[Dataset excerpts]
□ □ □ □ □

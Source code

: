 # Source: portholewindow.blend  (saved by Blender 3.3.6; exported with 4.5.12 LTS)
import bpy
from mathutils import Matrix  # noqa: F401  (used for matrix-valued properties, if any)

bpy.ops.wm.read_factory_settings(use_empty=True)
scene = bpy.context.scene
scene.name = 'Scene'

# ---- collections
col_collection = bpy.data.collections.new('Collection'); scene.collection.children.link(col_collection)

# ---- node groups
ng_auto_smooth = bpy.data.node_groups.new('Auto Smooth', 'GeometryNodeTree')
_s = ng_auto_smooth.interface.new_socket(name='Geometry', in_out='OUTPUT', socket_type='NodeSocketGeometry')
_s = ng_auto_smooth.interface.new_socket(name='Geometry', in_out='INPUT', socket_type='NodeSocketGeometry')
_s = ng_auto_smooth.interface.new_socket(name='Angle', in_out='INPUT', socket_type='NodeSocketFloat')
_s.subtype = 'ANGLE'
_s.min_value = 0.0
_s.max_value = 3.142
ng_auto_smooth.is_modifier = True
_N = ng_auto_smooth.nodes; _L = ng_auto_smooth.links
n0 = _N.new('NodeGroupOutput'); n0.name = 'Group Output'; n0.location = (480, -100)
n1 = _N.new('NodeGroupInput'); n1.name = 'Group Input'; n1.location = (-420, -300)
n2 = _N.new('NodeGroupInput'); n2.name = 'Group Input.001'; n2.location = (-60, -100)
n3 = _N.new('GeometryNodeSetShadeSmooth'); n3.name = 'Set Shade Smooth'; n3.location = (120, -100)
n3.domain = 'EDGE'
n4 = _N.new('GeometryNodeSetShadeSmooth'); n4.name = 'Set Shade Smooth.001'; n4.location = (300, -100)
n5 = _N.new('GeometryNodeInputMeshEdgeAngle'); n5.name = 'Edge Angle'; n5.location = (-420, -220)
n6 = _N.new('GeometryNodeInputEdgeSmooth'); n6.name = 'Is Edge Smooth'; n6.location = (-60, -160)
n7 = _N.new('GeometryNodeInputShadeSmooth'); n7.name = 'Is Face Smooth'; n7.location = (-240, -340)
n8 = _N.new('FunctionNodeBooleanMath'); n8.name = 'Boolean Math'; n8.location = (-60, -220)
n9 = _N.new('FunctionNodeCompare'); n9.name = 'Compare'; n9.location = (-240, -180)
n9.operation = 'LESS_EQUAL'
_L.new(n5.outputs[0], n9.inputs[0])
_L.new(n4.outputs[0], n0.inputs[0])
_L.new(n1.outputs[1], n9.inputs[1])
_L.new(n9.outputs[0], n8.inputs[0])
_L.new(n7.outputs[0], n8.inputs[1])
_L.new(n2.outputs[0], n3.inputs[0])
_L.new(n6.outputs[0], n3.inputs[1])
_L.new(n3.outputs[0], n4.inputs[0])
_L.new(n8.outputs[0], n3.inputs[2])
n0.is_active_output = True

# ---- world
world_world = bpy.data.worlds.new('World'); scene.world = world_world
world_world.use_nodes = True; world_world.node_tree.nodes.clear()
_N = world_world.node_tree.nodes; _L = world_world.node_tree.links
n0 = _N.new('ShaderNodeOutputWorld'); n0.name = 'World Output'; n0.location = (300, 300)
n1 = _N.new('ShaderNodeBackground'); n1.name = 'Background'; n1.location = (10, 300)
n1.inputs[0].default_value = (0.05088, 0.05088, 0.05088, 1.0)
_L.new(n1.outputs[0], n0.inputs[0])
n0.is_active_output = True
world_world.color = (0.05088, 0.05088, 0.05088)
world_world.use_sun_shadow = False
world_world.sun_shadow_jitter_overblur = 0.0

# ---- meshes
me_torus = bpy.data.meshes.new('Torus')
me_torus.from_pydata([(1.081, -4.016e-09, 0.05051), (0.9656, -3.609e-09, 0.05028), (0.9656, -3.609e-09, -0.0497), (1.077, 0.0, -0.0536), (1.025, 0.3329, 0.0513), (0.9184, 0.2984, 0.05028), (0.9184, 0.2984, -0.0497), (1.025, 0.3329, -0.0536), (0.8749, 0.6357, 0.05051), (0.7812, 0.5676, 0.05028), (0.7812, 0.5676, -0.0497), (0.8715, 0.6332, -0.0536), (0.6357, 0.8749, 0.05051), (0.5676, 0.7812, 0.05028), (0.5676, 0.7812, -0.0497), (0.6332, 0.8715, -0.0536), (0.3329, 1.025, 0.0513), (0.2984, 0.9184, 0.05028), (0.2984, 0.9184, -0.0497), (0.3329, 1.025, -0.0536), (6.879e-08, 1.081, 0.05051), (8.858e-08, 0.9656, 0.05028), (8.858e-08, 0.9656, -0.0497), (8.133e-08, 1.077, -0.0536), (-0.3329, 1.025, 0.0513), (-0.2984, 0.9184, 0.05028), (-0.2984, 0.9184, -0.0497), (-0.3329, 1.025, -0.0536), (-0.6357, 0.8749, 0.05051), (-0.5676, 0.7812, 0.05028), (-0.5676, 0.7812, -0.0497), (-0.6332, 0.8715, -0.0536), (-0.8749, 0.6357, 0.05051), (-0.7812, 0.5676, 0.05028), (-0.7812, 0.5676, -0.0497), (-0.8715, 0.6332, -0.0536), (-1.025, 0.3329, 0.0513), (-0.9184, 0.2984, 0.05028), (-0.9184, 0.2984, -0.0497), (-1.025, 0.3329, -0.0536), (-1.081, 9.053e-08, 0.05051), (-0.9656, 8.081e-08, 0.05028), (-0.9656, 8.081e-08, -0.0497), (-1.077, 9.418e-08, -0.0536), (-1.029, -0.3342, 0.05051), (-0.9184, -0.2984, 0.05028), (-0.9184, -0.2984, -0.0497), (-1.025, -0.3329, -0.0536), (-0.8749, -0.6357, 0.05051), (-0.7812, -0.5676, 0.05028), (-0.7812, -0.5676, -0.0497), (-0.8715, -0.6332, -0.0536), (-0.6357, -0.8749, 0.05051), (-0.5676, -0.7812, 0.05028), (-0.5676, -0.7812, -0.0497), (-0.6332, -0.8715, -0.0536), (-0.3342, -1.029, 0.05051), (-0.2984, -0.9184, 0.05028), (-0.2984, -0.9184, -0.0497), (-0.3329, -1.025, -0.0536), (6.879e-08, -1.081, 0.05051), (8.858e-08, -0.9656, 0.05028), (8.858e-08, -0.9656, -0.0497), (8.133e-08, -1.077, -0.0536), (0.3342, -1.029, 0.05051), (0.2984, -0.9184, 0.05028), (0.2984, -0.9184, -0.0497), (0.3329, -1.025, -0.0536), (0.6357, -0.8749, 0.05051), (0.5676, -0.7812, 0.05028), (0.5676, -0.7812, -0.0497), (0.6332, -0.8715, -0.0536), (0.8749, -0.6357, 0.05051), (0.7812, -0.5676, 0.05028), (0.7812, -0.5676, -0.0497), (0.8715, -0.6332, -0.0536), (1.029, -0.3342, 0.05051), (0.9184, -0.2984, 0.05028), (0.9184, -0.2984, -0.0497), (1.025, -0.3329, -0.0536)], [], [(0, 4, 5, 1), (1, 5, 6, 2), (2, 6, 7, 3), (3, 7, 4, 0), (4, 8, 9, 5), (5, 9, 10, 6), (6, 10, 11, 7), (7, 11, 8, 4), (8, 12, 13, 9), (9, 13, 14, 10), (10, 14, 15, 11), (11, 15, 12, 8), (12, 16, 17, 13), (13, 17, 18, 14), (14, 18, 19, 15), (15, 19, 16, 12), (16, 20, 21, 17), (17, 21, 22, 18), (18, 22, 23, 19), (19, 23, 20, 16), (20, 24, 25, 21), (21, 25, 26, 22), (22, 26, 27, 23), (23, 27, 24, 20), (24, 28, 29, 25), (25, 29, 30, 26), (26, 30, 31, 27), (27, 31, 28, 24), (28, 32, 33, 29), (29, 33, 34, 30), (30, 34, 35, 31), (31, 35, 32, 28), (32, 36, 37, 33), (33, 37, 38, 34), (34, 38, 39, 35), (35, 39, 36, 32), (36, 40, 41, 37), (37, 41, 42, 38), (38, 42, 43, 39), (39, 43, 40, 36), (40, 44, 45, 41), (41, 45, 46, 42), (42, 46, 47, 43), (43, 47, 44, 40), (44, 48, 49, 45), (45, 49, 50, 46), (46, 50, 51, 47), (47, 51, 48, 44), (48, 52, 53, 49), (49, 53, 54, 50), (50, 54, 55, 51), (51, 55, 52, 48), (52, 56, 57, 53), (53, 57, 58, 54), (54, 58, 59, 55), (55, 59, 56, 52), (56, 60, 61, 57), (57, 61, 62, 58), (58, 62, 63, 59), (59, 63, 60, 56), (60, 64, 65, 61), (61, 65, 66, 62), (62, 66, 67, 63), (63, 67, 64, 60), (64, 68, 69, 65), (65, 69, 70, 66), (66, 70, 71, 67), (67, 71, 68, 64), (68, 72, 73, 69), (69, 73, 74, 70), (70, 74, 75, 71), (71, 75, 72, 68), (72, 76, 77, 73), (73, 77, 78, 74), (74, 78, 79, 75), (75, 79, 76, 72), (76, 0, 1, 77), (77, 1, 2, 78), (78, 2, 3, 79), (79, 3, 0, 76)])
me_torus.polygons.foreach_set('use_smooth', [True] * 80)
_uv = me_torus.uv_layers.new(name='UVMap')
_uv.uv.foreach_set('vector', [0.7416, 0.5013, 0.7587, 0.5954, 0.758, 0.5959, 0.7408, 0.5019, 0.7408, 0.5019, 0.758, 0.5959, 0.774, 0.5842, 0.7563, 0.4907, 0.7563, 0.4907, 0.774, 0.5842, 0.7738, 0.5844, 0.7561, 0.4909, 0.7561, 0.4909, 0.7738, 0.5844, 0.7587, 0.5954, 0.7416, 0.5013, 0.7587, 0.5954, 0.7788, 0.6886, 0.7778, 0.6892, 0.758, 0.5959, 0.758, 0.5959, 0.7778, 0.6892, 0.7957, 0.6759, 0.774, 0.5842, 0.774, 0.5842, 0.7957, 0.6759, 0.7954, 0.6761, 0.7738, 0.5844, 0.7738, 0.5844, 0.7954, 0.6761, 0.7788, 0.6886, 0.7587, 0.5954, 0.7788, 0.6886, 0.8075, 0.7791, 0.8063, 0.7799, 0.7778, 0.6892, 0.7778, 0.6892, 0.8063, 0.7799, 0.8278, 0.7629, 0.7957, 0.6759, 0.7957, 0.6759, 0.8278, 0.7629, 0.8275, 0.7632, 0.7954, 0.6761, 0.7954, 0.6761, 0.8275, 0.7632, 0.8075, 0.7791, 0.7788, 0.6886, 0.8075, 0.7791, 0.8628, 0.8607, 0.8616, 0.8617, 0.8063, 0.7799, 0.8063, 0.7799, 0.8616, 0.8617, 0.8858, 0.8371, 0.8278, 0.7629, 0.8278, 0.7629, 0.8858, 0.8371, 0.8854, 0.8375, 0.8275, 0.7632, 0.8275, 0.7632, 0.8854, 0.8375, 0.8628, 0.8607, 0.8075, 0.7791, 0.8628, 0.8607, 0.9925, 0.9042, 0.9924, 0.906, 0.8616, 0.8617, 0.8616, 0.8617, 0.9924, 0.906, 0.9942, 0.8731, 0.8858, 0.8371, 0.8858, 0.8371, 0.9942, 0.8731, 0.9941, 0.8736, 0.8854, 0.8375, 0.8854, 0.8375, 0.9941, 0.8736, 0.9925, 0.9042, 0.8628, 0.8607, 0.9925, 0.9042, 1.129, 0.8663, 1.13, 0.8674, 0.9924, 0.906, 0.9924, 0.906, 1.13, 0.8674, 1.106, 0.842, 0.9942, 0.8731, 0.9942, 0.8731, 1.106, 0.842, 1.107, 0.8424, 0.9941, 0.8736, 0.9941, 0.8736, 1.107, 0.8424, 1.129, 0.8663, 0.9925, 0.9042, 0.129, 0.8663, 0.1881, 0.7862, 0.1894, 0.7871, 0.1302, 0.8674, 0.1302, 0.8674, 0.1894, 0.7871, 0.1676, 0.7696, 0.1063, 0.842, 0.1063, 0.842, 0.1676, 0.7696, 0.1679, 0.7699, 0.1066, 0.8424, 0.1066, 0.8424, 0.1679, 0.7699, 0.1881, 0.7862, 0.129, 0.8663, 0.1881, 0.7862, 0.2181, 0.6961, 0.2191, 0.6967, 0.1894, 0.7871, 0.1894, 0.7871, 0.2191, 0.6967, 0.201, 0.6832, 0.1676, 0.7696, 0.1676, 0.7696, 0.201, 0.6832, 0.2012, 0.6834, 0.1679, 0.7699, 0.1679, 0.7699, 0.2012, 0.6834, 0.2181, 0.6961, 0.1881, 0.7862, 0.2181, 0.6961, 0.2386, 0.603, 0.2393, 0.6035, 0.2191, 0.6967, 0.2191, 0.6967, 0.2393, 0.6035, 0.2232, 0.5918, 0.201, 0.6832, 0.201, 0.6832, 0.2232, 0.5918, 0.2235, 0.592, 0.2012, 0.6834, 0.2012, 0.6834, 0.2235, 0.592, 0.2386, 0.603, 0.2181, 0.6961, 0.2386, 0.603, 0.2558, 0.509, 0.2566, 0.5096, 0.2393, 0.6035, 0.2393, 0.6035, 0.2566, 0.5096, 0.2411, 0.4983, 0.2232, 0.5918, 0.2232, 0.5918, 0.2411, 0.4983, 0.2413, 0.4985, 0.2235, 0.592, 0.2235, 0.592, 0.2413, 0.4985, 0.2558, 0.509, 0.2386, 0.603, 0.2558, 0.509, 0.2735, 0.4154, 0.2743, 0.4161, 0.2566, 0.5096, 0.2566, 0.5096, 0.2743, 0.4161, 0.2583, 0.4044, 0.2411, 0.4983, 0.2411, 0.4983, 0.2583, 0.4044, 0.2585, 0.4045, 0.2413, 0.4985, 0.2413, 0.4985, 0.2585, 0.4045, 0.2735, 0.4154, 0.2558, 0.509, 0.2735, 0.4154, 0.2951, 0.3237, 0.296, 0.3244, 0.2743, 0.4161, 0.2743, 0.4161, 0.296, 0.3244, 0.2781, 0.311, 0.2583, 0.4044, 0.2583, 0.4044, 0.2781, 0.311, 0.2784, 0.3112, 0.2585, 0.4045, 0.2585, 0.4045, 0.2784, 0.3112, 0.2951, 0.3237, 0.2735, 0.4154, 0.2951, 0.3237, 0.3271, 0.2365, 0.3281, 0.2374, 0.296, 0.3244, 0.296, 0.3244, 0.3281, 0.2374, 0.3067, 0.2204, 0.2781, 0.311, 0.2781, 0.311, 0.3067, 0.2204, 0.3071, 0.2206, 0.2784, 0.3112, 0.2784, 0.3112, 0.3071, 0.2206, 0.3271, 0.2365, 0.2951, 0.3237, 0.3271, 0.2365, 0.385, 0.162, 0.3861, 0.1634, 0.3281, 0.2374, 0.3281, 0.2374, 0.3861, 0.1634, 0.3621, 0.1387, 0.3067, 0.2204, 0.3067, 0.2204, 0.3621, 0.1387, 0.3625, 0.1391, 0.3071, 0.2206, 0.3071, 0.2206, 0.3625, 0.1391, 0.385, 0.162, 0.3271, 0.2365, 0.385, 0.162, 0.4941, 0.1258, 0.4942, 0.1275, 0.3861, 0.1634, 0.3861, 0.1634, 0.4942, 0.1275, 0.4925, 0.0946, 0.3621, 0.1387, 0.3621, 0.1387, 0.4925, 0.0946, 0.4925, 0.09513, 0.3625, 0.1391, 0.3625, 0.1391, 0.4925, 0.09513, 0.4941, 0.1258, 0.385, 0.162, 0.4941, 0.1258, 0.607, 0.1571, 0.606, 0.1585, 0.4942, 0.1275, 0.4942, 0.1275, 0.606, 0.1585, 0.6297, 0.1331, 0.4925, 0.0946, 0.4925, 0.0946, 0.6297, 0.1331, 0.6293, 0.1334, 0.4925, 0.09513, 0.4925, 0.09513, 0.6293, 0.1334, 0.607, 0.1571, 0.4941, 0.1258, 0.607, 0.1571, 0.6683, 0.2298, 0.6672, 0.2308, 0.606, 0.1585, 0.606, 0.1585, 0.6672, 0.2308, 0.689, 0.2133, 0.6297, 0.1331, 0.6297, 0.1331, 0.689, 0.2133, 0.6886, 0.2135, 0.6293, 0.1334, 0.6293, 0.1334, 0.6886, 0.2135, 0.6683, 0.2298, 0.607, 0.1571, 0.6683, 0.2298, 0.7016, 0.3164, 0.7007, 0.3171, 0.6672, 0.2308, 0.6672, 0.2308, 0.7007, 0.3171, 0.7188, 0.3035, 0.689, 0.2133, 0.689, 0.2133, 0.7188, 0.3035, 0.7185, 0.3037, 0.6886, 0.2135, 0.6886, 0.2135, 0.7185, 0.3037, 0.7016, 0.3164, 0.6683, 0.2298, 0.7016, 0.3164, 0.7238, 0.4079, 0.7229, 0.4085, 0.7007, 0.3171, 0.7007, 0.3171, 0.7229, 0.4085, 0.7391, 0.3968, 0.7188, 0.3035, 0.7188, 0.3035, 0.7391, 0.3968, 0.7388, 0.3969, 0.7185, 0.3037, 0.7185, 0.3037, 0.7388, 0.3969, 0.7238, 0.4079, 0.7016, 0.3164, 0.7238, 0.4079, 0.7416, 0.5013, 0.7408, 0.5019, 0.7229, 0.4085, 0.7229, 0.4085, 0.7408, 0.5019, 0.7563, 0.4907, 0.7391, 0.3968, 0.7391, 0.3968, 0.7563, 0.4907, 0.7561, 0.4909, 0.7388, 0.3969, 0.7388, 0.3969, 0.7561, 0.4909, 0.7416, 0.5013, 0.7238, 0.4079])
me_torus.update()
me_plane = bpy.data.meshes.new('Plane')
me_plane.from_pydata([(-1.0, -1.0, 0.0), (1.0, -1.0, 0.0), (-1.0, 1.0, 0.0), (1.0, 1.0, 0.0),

□ □ □ □ □

(WORK ITEM): Verbatim output is expected for the lines from the start of the data to the line in which "# ---- collections" appears, both included.

(ANSWER TO THIS PROBLEM):
Source code

: # Source: portholewindow.blend  (saved by Blender 3.3.6; exported with 4.5.12 LTS)
import bpy
from mathutils import Matrix  # noqa: F401  (used for matrix-valued properties, if any)

bpy.ops.wm.read_factory_settings(use_empty=True)
scene = bpy.context.scene
scene.name = 'Scene'

# ---- collections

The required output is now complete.